Setelah berpikir ulang, akhirnya saya mempertimbangkan niat ayah. Saya percaya, orangtua selalu berupaya memberi yang terbaik untuk anaknya. Maka, saya singkirkan perasaan gengsi dan menerima perjodohan ini dengan ikhlas.
Setelah memberi lampu hijau, ayah pun mulai menentukan jadwal pertemuan antara saya dan pria pilihan itu. Namun, Allah tampaknya berkehendak lain. Pertemuan kami selalu gagal meski ayah sudah membuat janji dengan pria tersebut. Lama-kelamaan saya jengah. Untuk menghilangkan perasaan kecewa, segera saya berpasrah kepada Allah, “Jika kami berjodoh, Engkau pasti akan mempertemukan kami.”
Anehnya, keinginan untuk mengetahui sosok pemuda PNS itu terus mengganggu pikiran saya.

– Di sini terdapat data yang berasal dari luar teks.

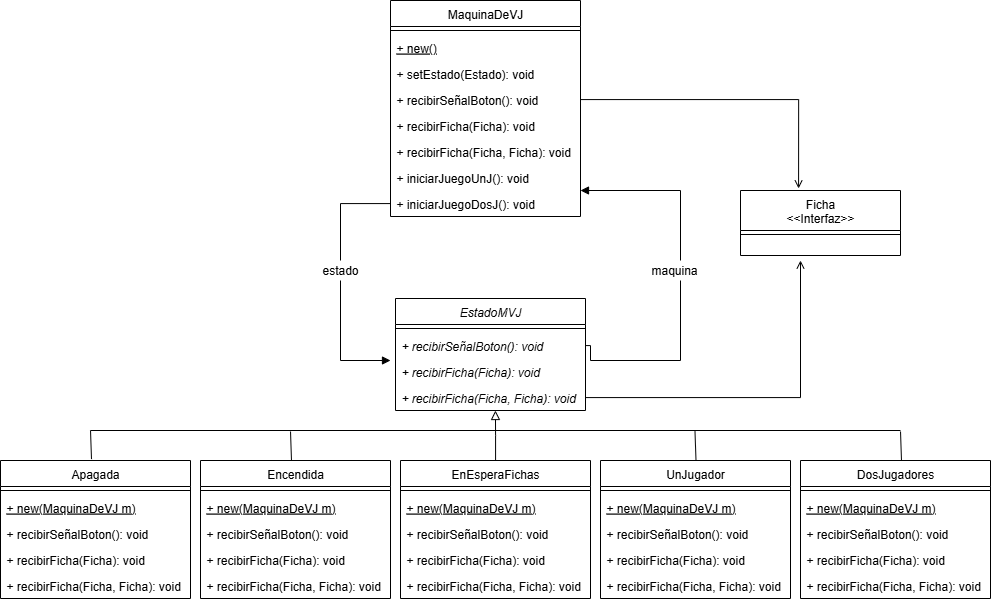

The diagram above was exported from draw.io. Its source (the exported page's mxGraphModel, read from the mxfile embedded in the PNG):
<mxGraphModel dx="2418" dy="2058" grid="1" gridSize="10" guides="1" tooltips="1" connect="1" arrows="1" fold="1" page="1" pageScale="1" pageWidth="827" pageHeight="1169" math="0" shadow="0">
  <root>
    <mxCell id="WIyWlLk6GJQsqaUBKTNV-0" />
    <mxCell id="WIyWlLk6GJQsqaUBKTNV-1" parent="WIyWlLk6GJQsqaUBKTNV-0" />
    <mxCell id="UZqX43Rpj6E_O7g7snm4-7" value="MaquinaDeVJ" style="swimlane;fontStyle=0;align=center;verticalAlign=top;childLayout=stackLayout;horizontal=1;startSize=26;horizontalStack=0;resizeParent=1;resizeLast=0;collapsible=1;marginBottom=0;rounded=0;shadow=0;strokeWidth=1;" parent="WIyWlLk6GJQsqaUBKTNV-1" vertex="1">
      <mxGeometry x="130" y="-470" width="190" height="216" as="geometry">
        <mxRectangle x="560" y="380" width="160" height="26" as="alternateBounds" />
      </mxGeometry>
    </mxCell>
    <mxCell id="UZqX43Rpj6E_O7g7snm4-11" value="" style="line;html=1;strokeWidth=1;align=left;verticalAlign=middle;spacingTop=-1;spacingLeft=3;spacingRight=3;rotatable=0;labelPosition=right;points=[];portConstraint=eastwest;" parent="UZqX43Rpj6E_O7g7snm4-7" vertex="1">
      <mxGeometry y="26" width="190" height="8" as="geometry" />
    </mxCell>
    <mxCell id="UZqX43Rpj6E_O7g7snm4-12" value="+ new()" style="text;align=left;verticalAlign=top;spacingLeft=4;spacingRight=4;overflow=hidden;rotatable=0;points=[[0,0.5],[1,0.5]];portConstraint=eastwest;fontStyle=4" parent="UZqX43Rpj6E_O7g7snm4-7" vertex="1">
      <mxGeometry y="34" width="190" height="26" as="geometry" />
    </mxCell>
    <mxCell id="GCBcyzNS5vGIQ2Xak3aQ-25" value="+ setEstado(Estado): void" style="text;align=left;verticalAlign=top;spacingLeft=4;spacingRight=4;overflow=hidden;rotatable=0;points=[[0,0.5],[1,0.5]];portConstraint=eastwest;" parent="UZqX43Rpj6E_O7g7snm4-7" vertex="1">
      <mxGeometry y="60" width="190" height="26" as="geometry" />
    </mxCell>
    <mxCell id="GCBcyzNS5vGIQ2Xak3aQ-46" value="+ recibirSeñalBoton(): void" style="text;align=left;verticalAlign=top;spacingLeft=4;spacingRight=4;overflow=hidden;rotatable=0;points=[[0,0.5],[1,0.5]];portConstraint=eastwest;" parent="UZqX43Rpj6E_O7g7snm4-7" vertex="1">
      <mxGeometry y="86" width="190" height="26" as="geometry" />
    </mxCell>
    <mxCell id="YJoVHZ8ohPTa9mw98y_0-13" value="+ recibirFicha(Ficha): void" style="text;align=left;verticalAlign=top;spacingLeft=4;spacingRight=4;overflow=hidden;rotatable=0;points=[[0,0.5],[1,0.5]];portConstraint=eastwest;" parent="UZqX43Rpj6E_O7g7snm4-7" vertex="1">
      <mxGeometry y="112" width="190" height="26" as="geometry" />
    </mxCell>
    <mxCell id="GCBcyzNS5vGIQ2Xak3aQ-27" value="+ recibirFicha(Ficha, Ficha): void" style="text;align=left;verticalAlign=top;spacingLeft=4;spacingRight=4;overflow=hidden;rotatable=0;points=[[0,0.5],[1,0.5]];portConstraint=eastwest;" parent="UZqX43Rpj6E_O7g7snm4-7" vertex="1">
      <mxGeometry y="138" width="190" height="26" as="geometry" />
    </mxCell>
    <mxCell id="U2_cQN8DCtw2l2Un_i4g-0" value="+ iniciarJuegoUnJ(): void" style="text;align=left;verticalAlign=top;spacingLeft=4;spacingRight=4;overflow=hidden;rotatable=0;points=[[0,0.5],[1,0.5]];portConstraint=eastwest;" vertex="1" parent="UZqX43Rpj6E_O7g7snm4-7">
      <mxGeometry y="164" width="190" height="26" as="geometry" />
    </mxCell>
    <mxCell id="U2_cQN8DCtw2l2Un_i4g-35" style="edgeStyle=orthogonalEdgeStyle;rounded=0;orthogonalLoop=1;jettySize=auto;html=1;endArrow=block;endFill=1;" edge="1" parent="UZqX43Rpj6E_O7g7snm4-7" source="U2_cQN8DCtw2l2Un_i4g-2">
      <mxGeometry relative="1" as="geometry">
        <mxPoint y="360" as="targetPoint" />
        <Array as="points">
          <mxPoint x="-50" y="203" />
          <mxPoint x="-50" y="360" />
        </Array>
      </mxGeometry>
    </mxCell>
    <mxCell id="U2_cQN8DCtw2l2Un_i4g-2" value="+ iniciarJuegoDosJ(): void" style="text;align=left;verticalAlign=top;spacingLeft=4;spacingRight=4;overflow=hidden;rotatable=0;points=[[0,0.5],[1,0.5]];portConstraint=eastwest;" vertex="1" parent="UZqX43Rpj6E_O7g7snm4-7">
      <mxGeometry y="190" width="190" height="26" as="geometry" />
    </mxCell>
    <mxCell id="YJoVHZ8ohPTa9mw98y_0-15" value="EstadoMVJ" style="swimlane;fontStyle=2;align=center;verticalAlign=top;childLayout=stackLayout;horizontal=1;startSize=26;horizontalStack=0;resizeParent=1;resizeLast=0;collapsible=1;marginBottom=0;rounded=0;shadow=0;strokeWidth=1;" parent="WIyWlLk6GJQsqaUBKTNV-1" vertex="1">
      <mxGeometry x="135" y="-172" width="190" height="112" as="geometry">
        <mxRectangle x="560" y="380" width="160" height="26" as="alternateBounds" />
      </mxGeometry>
    </mxCell>
    <mxCell id="YJoVHZ8ohPTa9mw98y_0-16" value="" style="line;html=1;strokeWidth=1;align=left;verticalAlign=middle;spacingTop=-1;spacingLeft=3;spacingRight=3;rotatable=0;labelPosition=right;points=[];portConstraint=eastwest;" parent="YJoVHZ8ohPTa9mw98y_0-15" vertex="1">
      <mxGeometry y="26" width="190" height="8" as="geometry" />
    </mxCell>
    <mxCell id="U2_cQN8DCtw2l2Un_i4g-3" value="+ recibirSeñalBoton(): void" style="text;align=left;verticalAlign=top;spacingLeft=4;spacingRight=4;overflow=hidden;rotatable=0;points=[[0,0.5],[1,0.5]];portConstraint=eastwest;fontStyle=2" vertex="1" parent="YJoVHZ8ohPTa9mw98y_0-15">
      <mxGeometry y="34" width="190" height="26" as="geometry" />
    </mxCell>
    <mxCell id="U2_cQN8DCtw2l2Un_i4g-4" value="+ recibirFicha(Ficha): void" style="text;align=left;verticalAlign=top;spacingLeft=4;spacingRight=4;overflow=hidden;rotatable=0;points=[[0,0.5],[1,0.5]];portConstraint=eastwest;fontStyle=2" vertex="1" parent="YJoVHZ8ohPTa9mw98y_0-15">
      <mxGeometry y="60" width="190" height="26" as="geometry" />
    </mxCell>
    <mxCell id="U2_cQN8DCtw2l2Un_i4g-47" style="edgeStyle=orthogonalEdgeStyle;rounded=0;orthogonalLoop=1;jettySize=auto;html=1;endArrow=open;endFill=0;" edge="1" parent="YJoVHZ8ohPTa9mw98y_0-15" source="U2_cQN8DCtw2l2Un_i4g-5">
      <mxGeometry relative="1" as="geometry">
        <mxPoint x="405" y="-38" as="targetPoint" />
      </mxGeometry>
    </mxCell>
    <mxCell id="U2_cQN8DCtw2l2Un_i4g-5" value="+ recibirFicha(Ficha, Ficha): void" style="text;align=left;verticalAlign=top;spacingLeft=4;spacingRight=4;overflow=hidden;rotatable=0;points=[[0,0.5],[1,0.5]];portConstraint=eastwest;fontStyle=2" vertex="1" parent="YJoVHZ8ohPTa9mw98y_0-15">
      <mxGeometry y="86" width="190" height="26" as="geometry" />
    </mxCell>
    <mxCell id="GCBcyzNS5vGIQ2Xak3aQ-28" value="Apagada" style="swimlane;fontStyle=0;align=center;verticalAlign=top;childLayout=stackLayout;horizontal=1;startSize=26;horizontalStack=0;resizeParent=1;resizeLast=0;collapsible=1;marginBottom=0;rounded=0;shadow=0;strokeWidth=1;" parent="WIyWlLk6GJQsqaUBKTNV-1" vertex="1">
      <mxGeometry x="-260" y="-10" width="190" height="138" as="geometry">
        <mxRectangle x="560" y="380" width="160" height="26" as="alternateBounds" />
      </mxGeometry>
    </mxCell>
    <mxCell id="GCBcyzNS5vGIQ2Xak3aQ-29" value="" style="line;html=1;strokeWidth=1;align=left;verticalAlign=middle;spacingTop=-1;spacingLeft=3;spacingRight=3;rotatable=0;labelPosition=right;points=[];portConstraint=eastwest;" parent="GCBcyzNS5vGIQ2Xak3aQ-28" vertex="1">
      <mxGeometry y="26" width="190" height="8" as="geometry" />
    </mxCell>
    <mxCell id="GCBcyzNS5vGIQ2Xak3aQ-30" value="+ new(MaquinaDeVJ m)" style="text;align=left;verticalAlign=top;spacingLeft=4;spacingRight=4;overflow=hidden;rotatable=0;points=[[0,0.5],[1,0.5]];portConstraint=eastwest;fontStyle=4" parent="GCBcyzNS5vGIQ2Xak3aQ-28" vertex="1">
      <mxGeometry y="34" width="190" height="26" as="geometry" />
    </mxCell>
    <mxCell id="U2_cQN8DCtw2l2Un_i4g-6" value="+ recibirSeñalBoton(): void" style="text;align=left;verticalAlign=top;spacingLeft=4;spacingRight=4;overflow=hidden;rotatable=0;points=[[0,0.5],[1,0.5]];portConstraint=eastwest;" vertex="1" parent="GCBcyzNS5vGIQ2Xak3aQ-28">
      <mxGeometry y="60" width="190" height="26" as="geometry" />
    </mxCell>
    <mxCell id="U2_cQN8DCtw2l2Un_i4g-7" value="+ recibirFicha(Ficha): void" style="text;align=left;verticalAlign=top;spacingLeft=4;spacingRight=4;overflow=hidden;rotatable=0;points=[[0,0.5],[1,0.5]];portConstraint=eastwest;" vertex="1" parent="GCBcyzNS5vGIQ2Xak3aQ-28">
      <mxGeometry y="86" width="190" height="26" as="geometry" />
    </mxCell>
    <mxCell id="U2_cQN8DCtw2l2Un_i4g-8" value="+ recibirFicha(Ficha, Ficha): void" style="text;align=left;verticalAlign=top;spacingLeft=4;spacingRight=4;overflow=hidden;rotatable=0;points=[[0,0.5],[1,0.5]];portConstraint=eastwest;" vertex="1" parent="GCBcyzNS5vGIQ2Xak3aQ-28">
      <mxGeometry y="112" width="190" height="26" as="geometry" />
    </mxCell>
    <mxCell id="GCBcyzNS5vGIQ2Xak3aQ-51" value="Ficha&#10;&lt;&lt;Interfaz&gt;&gt;" style="swimlane;fontStyle=0;align=center;verticalAlign=middle;childLayout=stackLayout;horizontal=1;startSize=40;horizontalStack=0;resizeParent=1;resizeLast=0;collapsible=1;marginBottom=0;rounded=0;shadow=0;strokeWidth=1;" parent="WIyWlLk6GJQsqaUBKTNV-1" vertex="1">
      <mxGeometry x="480" y="-280" width="160" height="65" as="geometry">
        <mxRectangle x="560" y="380" width="160" height="26" as="alternateBounds" />
      </mxGeometry>
    </mxCell>
    <mxCell id="GCBcyzNS5vGIQ2Xak3aQ-52" value="" style="line;html=1;strokeWidth=1;align=left;verticalAlign=middle;spacingTop=-1;spacingLeft=3;spacingRight=3;rotatable=0;labelPosition=right;points=[];portConstraint=eastwest;" parent="GCBcyzNS5vGIQ2Xak3aQ-51" vertex="1">
      <mxGeometry y="40" width="160" height="8" as="geometry" />
    </mxCell>
    <mxCell id="U2_cQN8DCtw2l2Un_i4g-9" value="Encendida" style="swimlane;fontStyle=0;align=center;verticalAlign=top;childLayout=stackLayout;horizontal=1;startSize=26;horizontalStack=0;resizeParent=1;resizeLast=0;collapsible=1;marginBottom=0;rounded=0;shadow=0;strokeWidth=1;" vertex="1" parent="WIyWlLk6GJQsqaUBKTNV-1">
      <mxGeometry x="-60" y="-10" width="190" height="138" as="geometry">
        <mxRectangle x="560" y="380" width="160" height="26" as="alternateBounds" />
      </mxGeometry>
    </mxCell>
    <mxCell id="U2_cQN8DCtw2l2Un_i4g-10" value="" style="line;html=1;strokeWidth=1;align=left;verticalAlign=middle;spacingTop=-1;spacingLeft=3;spacingRight=3;rotatable=0;labelPosition=right;points=[];portConstraint=eastwest;" vertex="1" parent="U2_cQN8DCtw2l2Un_i4g-9">
      <mxGeometry y="26" width="190" height="8" as="geometry" />
    </mxCell>
    <mxCell id="U2_cQN8DCtw2l2Un_i4g-11" value="+ new(MaquinaDeVJ m)" style="text;align=left;verticalAlign=top;spacingLeft=4;spacingRight=4;overflow=hidden;rotatable=0;points=[[0,0.5],[1,0.5]];portConstraint=eastwest;fontStyle=4" vertex="1" parent="U2_cQN8DCtw2l2Un_i4g-9">
      <mxGeometry y="34" width="190" height="26" as="geometry" />
    </mxCell>
    <mxCell id="U2_cQN8DCtw2l2Un_i4g-12" value="+ recibirSeñalBoton(): void" style="text;align=left;verticalAlign=top;spacingLeft=4;spacingRight=4;overflow=hidden;rotatable=0;points=[[0,0.5],[1,0.5]];portConstraint=eastwest;" vertex="1" parent="U2_cQN8DCtw2l2Un_i4g-9">
      <mxGeometry y="60" width="190" height="26" as="geometry" />
    </mxCell>
    <mxCell id="U2_cQN8DCtw2l2Un_i4g-13" value="+ recibirFicha(Ficha): void" style="text;align=left;verticalAlign=top;spacingLeft=4;spacingRight=4;overflow=hidden;rotatable=0;points=[[0,0.5],[1,0.5]];portConstraint=eastwest;" vertex="1" parent="U2_cQN8DCtw2l2Un_i4g-9">
      <mxGeometry y="86" width="190" height="26" as="geometry" />
    </mxCell>
    <mxCell id="U2_cQN8DCtw2l2Un_i4g-14" value="+ recibirFicha(Ficha, Ficha): void" style="text;align=left;verticalAlign=top;spacingLeft=4;spacingRight=4;overflow=hidden;rotatable=0;points=[[0,0.5],[1,0.5]];portConstraint=eastwest;" vertex="1" parent="U2_cQN8DCtw2l2Un_i4g-9">
      <mxGeometry y="112" width="190" height="26" as="geometry" />
    </mxCell>
    <mxCell id="U2_cQN8DCtw2l2Un_i4g-15" value="EnEsperaFichas" style="swimlane;fontStyle=0;align=center;verticalAlign=top;childLayout=stackLayout;horizontal=1;startSize=26;horizontalStack=0;resizeParent=1;resizeLast=0;collapsible=1;marginBottom=0;rounded=0;shadow=0;strokeWidth=1;" vertex="1" parent="WIyWlLk6GJQsqaUBKTNV-1">
      <mxGeometry x="140" y="-10" width="190" height="138" as="geometry">
        <mxRectangle x="560" y="380" width="160" height="26" as="alternateBounds" />
      </mxGeometry>
    </mxCell>
    <mxCell id="U2_cQN8DCtw2l2Un_i4g-16" value="" style="line;html=1;strokeWidth=1;align=left;verticalAlign=middle;spacingTop=-1;spacingLeft=3;spacingRight=3;rotatable=0;labelPosition=right;points=[];portConstraint=eastwest;" vertex="1" parent="U2_cQN8DCtw2l2Un_i4g-15">
      <mxGeometry y="26" width="190" height="8" as="geometry" />
    </mxCell>
    <mxCell id="U2_cQN8DCtw2l2Un_i4g-17" value="+ new(MaquinaDeVJ m)" style="text;align=left;verticalAlign=top;spacingLeft=4;spacingRight=4;overflow=hidden;rotatable=0;points=[[0,0.5],[1,0.5]];portConstraint=eastwest;fontStyle=4" vertex="1" parent="U2_cQN8DCtw2l2Un_i4g-15">
      <mxGeometry y="34" width="190" height="26" as="geometry" />
    </mxCell>
    <mxCell id="U2_cQN8DCtw2l2Un_i4g-18" value="+ recibirSeñalBoton(): void" style="text;align=left;verticalAlign=top;spacingLeft=4;spacingRight=4;overflow=hidden;rotatable=0;points=[[0,0.5],[1,0.5]];portConstraint=eastwest;" vertex="1" parent="U2_cQN8DCtw2l2Un_i4g-15">
      <mxGeometry y="60" width="190" height="26" as="geometry" />
    </mxCell>
    <mxCell id="U2_cQN8DCtw2l2Un_i4g-19" value="+ recibirFicha(Ficha): void" style="text;align=left;verticalAlign=top;spacingLeft=4;spacingRight=4;overflow=hidden;rotatable=0;points=[[0,0.5],[1,0.5]];portConstraint=eastwest;" vertex="1" parent="U2_cQN8DCtw2l2Un_i4g-15">
      <mxGeometry y="86" width="190" height="26" as="geometry" />
    </mxCell>
    <mxCell id="U2_cQN8DCtw2l2Un_i4g-20" value="+ recibirFicha(Ficha, Ficha): void" style="text;align=left;verticalAlign=top;spacingLeft=4;spacingRight=4;overflow=hidden;rotatable=0;points=[[0,0.5],[1,0.5]];portConstraint=eastwest;" vertex="1" parent="U2_cQN8DCtw2l2Un_i4g-15">
      <mxGeometry y="112" width="190" height="26" as="geometry" />
    </mxCell>
    <mxCell id="U2_cQN8DCtw2l2Un_i4g-21" value="UnJugador" style="swimlane;fontStyle=0;align=center;verticalAlign=top;childLayout=stackLayout;horizontal=1;startSize=26;horizontalStack=0;resizeParent=1;resizeLast=0;collapsible=1;marginBottom=0;rounded=0;shadow=0;strokeWidth=1;" vertex="1" parent="WIyWlLk6GJQsqaUBKTNV-1">
      <mxGeometry x="340" y="-10" width="190" height="138" as="geometry">
        <mxRectangle x="560" y="380" width="160" height="26" as="alternateBounds" />
      </mxGeometry>
    </mxCell>
    <mxCell id="U2_cQN8DCtw2l2Un_i4g-22" value="" style="line;html=1;strokeWidth=1;align=left;verticalAlign=middle;spacingTop=-1;spacingLeft=3;spacingRight=3;rotatable=0;labelPosition=right;points=[];portConstraint=eastwest;" vertex="1" parent="U2_cQN8DCtw2l2Un_i4g-21">
      <mxGeometry y="26" width="190" height="8" as="geometry" />
    </mxCell>
    <mxCell id="U2_cQN8DCtw2l2Un_i4g-23" value="+ new(MaquinaDeVJ m)" style="text;align=left;verticalAlign=top;spacingLeft=4;spacingRight=4;overflow=hidden;rotatable=0;points=[[0,0.5],[1,0.5]];portConstraint=eastwest;fontStyle=4" vertex="1" parent="U2_cQN8DCtw2l2Un_i4g-21">
      <mxGeometry y="34" width="190" height="26" as="geometry" />
    </mxCell>
    <mxCell id="U2_cQN8DCtw2l2Un_i4g-24" value="+ recibirSeñalBoton(): void" style="text;align=left;verticalAlign=top;spacingLeft=4;spacingRight=4;overflow=hidden;rotatable=0;points=[[0,0.5],[1,0.5]];portConstraint=eastwest;" vertex="1" parent="U2_cQN8DCtw2l2Un_i4g-21">
      <mxGeometry y="60" width="190" height="26" as="geometry" />
    </mxCell>
    <mxCell id="U2_cQN8DCtw2l2Un_i4g-25" value="+ recibirFicha(Ficha): void" style="text;align=left;verticalAlign=top;spacingLeft=4;spacingRight=4;overflow=hidden;rotatable=0;points=[[0,0.5],[1,0.5]];portConstraint=eastwest;" vertex="1" parent="U2_cQN8DCtw2l2Un_i4g-21">
      <mxGeometry y="86" width="190" height="26" as="geometry" />
    </mxCell>
    <mxCell id="U2_cQN8DCtw2l2Un_i4g-26" value="+ recibirFicha(Ficha, Ficha): void" style="text;align=left;verticalAlign=top;spacingLeft=4;spacingRight=4;overflow=hidden;rotatable=0;points=[[0,0.5],[1,0.5]];portConstraint=eastwest;" vertex="1" parent="U2_cQN8DCtw2l2Un_i4g-21">
      <mxGeometry y="112" width="190" height="26" as="geometry" />
    </mxCell>
    <mxCell id="U2_cQN8DCtw2l2Un_i4g-27" value="DosJugadores" style="swimlane;fontStyle=0;align=center;verticalAlign=top;childLayout=stackLayout;horizontal=1;startSize=26;horizontalStack=0;resizeParent=1;resizeLast=0;collapsible=1;marginBottom=0;rounded=0;shadow=0;strokeWidth=1;" vertex="1" parent="WIyWlLk6GJQsqaUBKTNV-1">
      <mxGeometry x="540" y="-10" width="190" height="138" as="geometry">
        <mxRectangle x="560" y="380" width="160" height="26" as="alternateBounds" />
      </mxGeometry>
    </mxCell>
    <mxCell id="U2_cQN8DCtw2l2Un_i4g-28" value="" style="line;html=1;strokeWidth=1;align=left;verticalAlign=middle;spacingTop=-1;spacingLeft=3;spacingRight=3;rotatable=0;labelPosition=right;points=[];portConstraint=eastwest;" vertex="1" parent="U2_cQN8DCtw2l2Un_i4g-27">
      <mxGeometry y="26" width="190" height="8" as="geometry" />
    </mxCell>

Akhirnya, saya beranikan diri untuk mencari informasi tanpa sepengetahuan orangtua.
Ternyata, ada teman saya yang kenal dengannya. Dari informasi teman itu, saya mengetahui kalau pria yang hendak dijodohkan oleh ayah adalah sosok yang baik dan pendiam. Persis seperti ucapan ayah kepada saya beberapa waktu lalu. Selain itu, sebelum menjadi PNS, dia pernah menjadi guru mengaji anak-anak secara sukarela tanpa imbalan. Subhanallah, hati saya langsung luluh kagum.
“Tapi, dia sudah bertunangan,” lanjut teman saya itu.
Deg! Jantung saya nyaris tak berdegup.
Saya beringsut pulang, larut dalam kekecewaan. “Jika pria itu setengah hati menerima perjodohan ini, mengapa dia memberi harapan-harapan palsu kepada ayah?” tanya saya dalam hati.
Saya pun introspeksi diri lagi, mungkinkah karena di awal saya sempat ‘ilfil’ dengan perjodohan? Saya mengadu dan menangis pasrah pada-Nya. Alhamdulillah, keikhlasan itu hadir. Ya Allah, jika sudah saatnya, saya yakin Engkau akan mempertemukan saya dengan seseorang yang Kau ridhai di waktu dan tempat yang tepat. Amin.